Start of RECORDS FOR THE TASK
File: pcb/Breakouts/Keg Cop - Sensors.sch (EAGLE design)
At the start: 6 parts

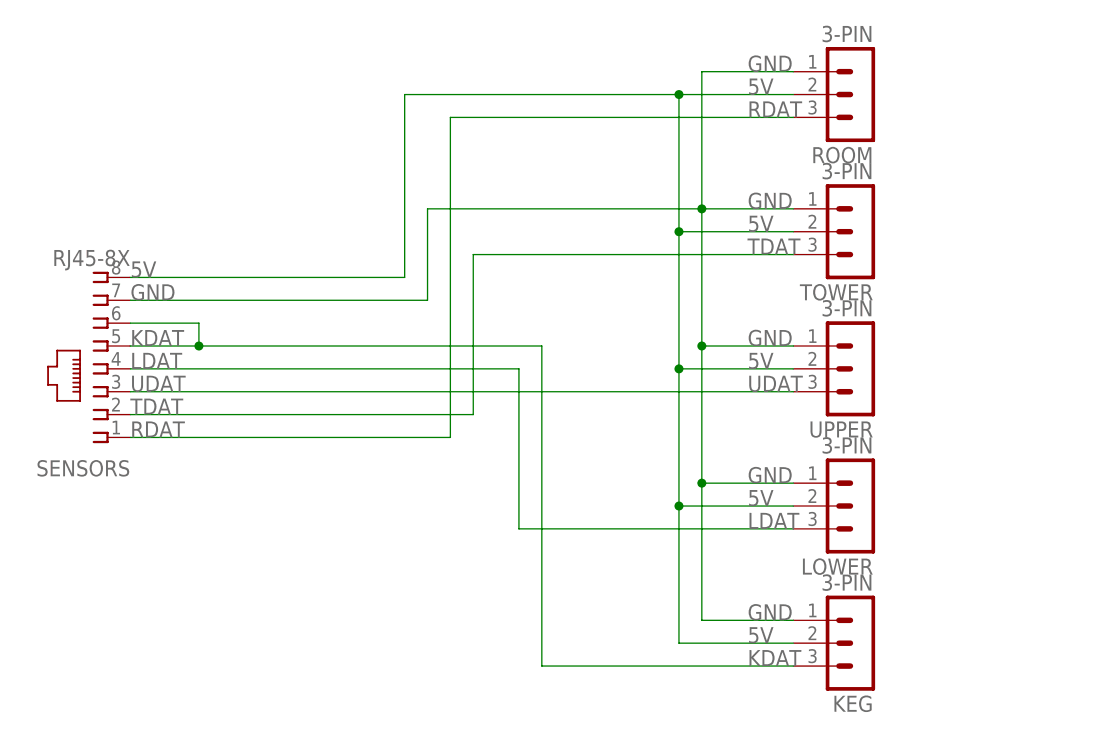
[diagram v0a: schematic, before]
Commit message: New sensor board
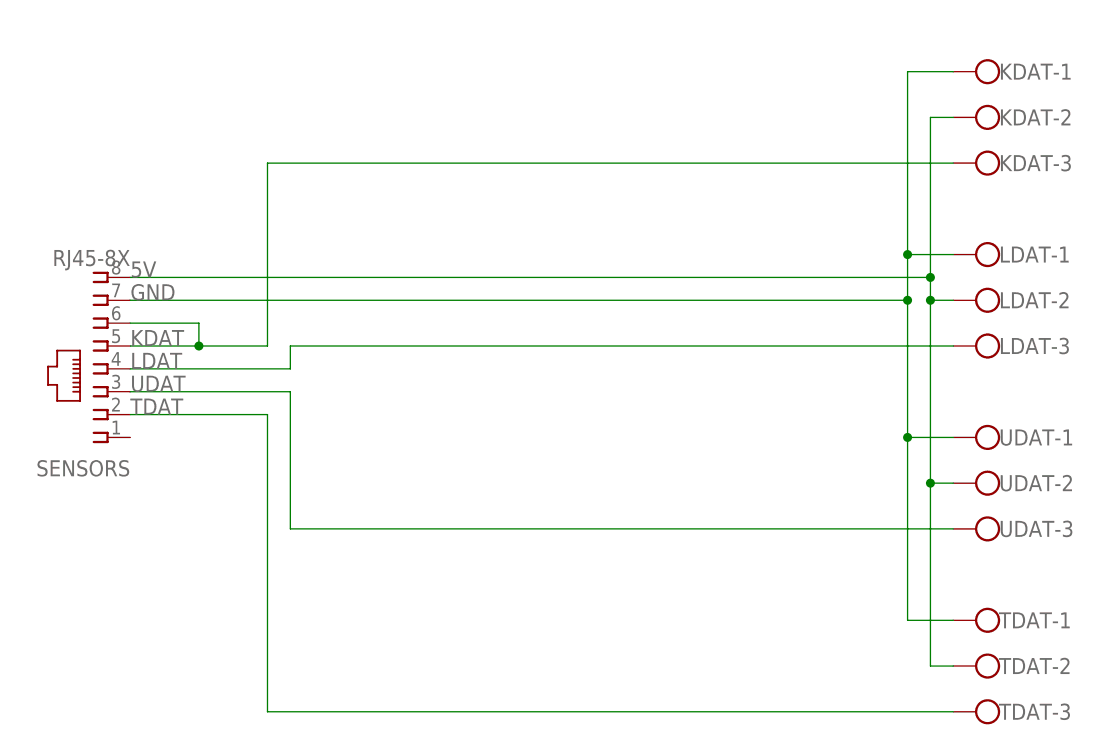
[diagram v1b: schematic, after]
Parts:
- removed KEG, LOWER, ROOM, TOWER, UPPER: 3-PIN, Donnie:HDR-3
- added KDAT, LDAT, TDAT, UDAT: (no value), con-wago-500:W237-103
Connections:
- removed net RDAT: ROOM.3, SENSORS.1
- net 5V: now also KDAT-2.KL, LDAT-2.KL, TDAT-2.KL, UDAT-2.KL; no longer KEG.2, LOWER.2, ROOM.2, TOWER.2, UPPER.2
- net GND: now also KDAT-1.KL, LDAT-1.KL, TDAT-1.KL, UDAT-1.KL; no longer KEG.1, LOWER.1, ROOM.1, TOWER.1, UPPER.1
- net KDAT: now also KDAT-3.KL; no longer KEG.3
- net LDAT: now also LDAT-3.KL; no longer LOWER.3
- net TDAT: now also TDAT-3.KL; no longer TOWER.3
- net UDAT: now also UDAT-3.KL; no longer UPPER.3
End of RECORDS FOR THE TASK
### TO DO
Give the number of lines in the listing that contain the word "schematic", leaving out all other words.

### ANSWER SPACE
2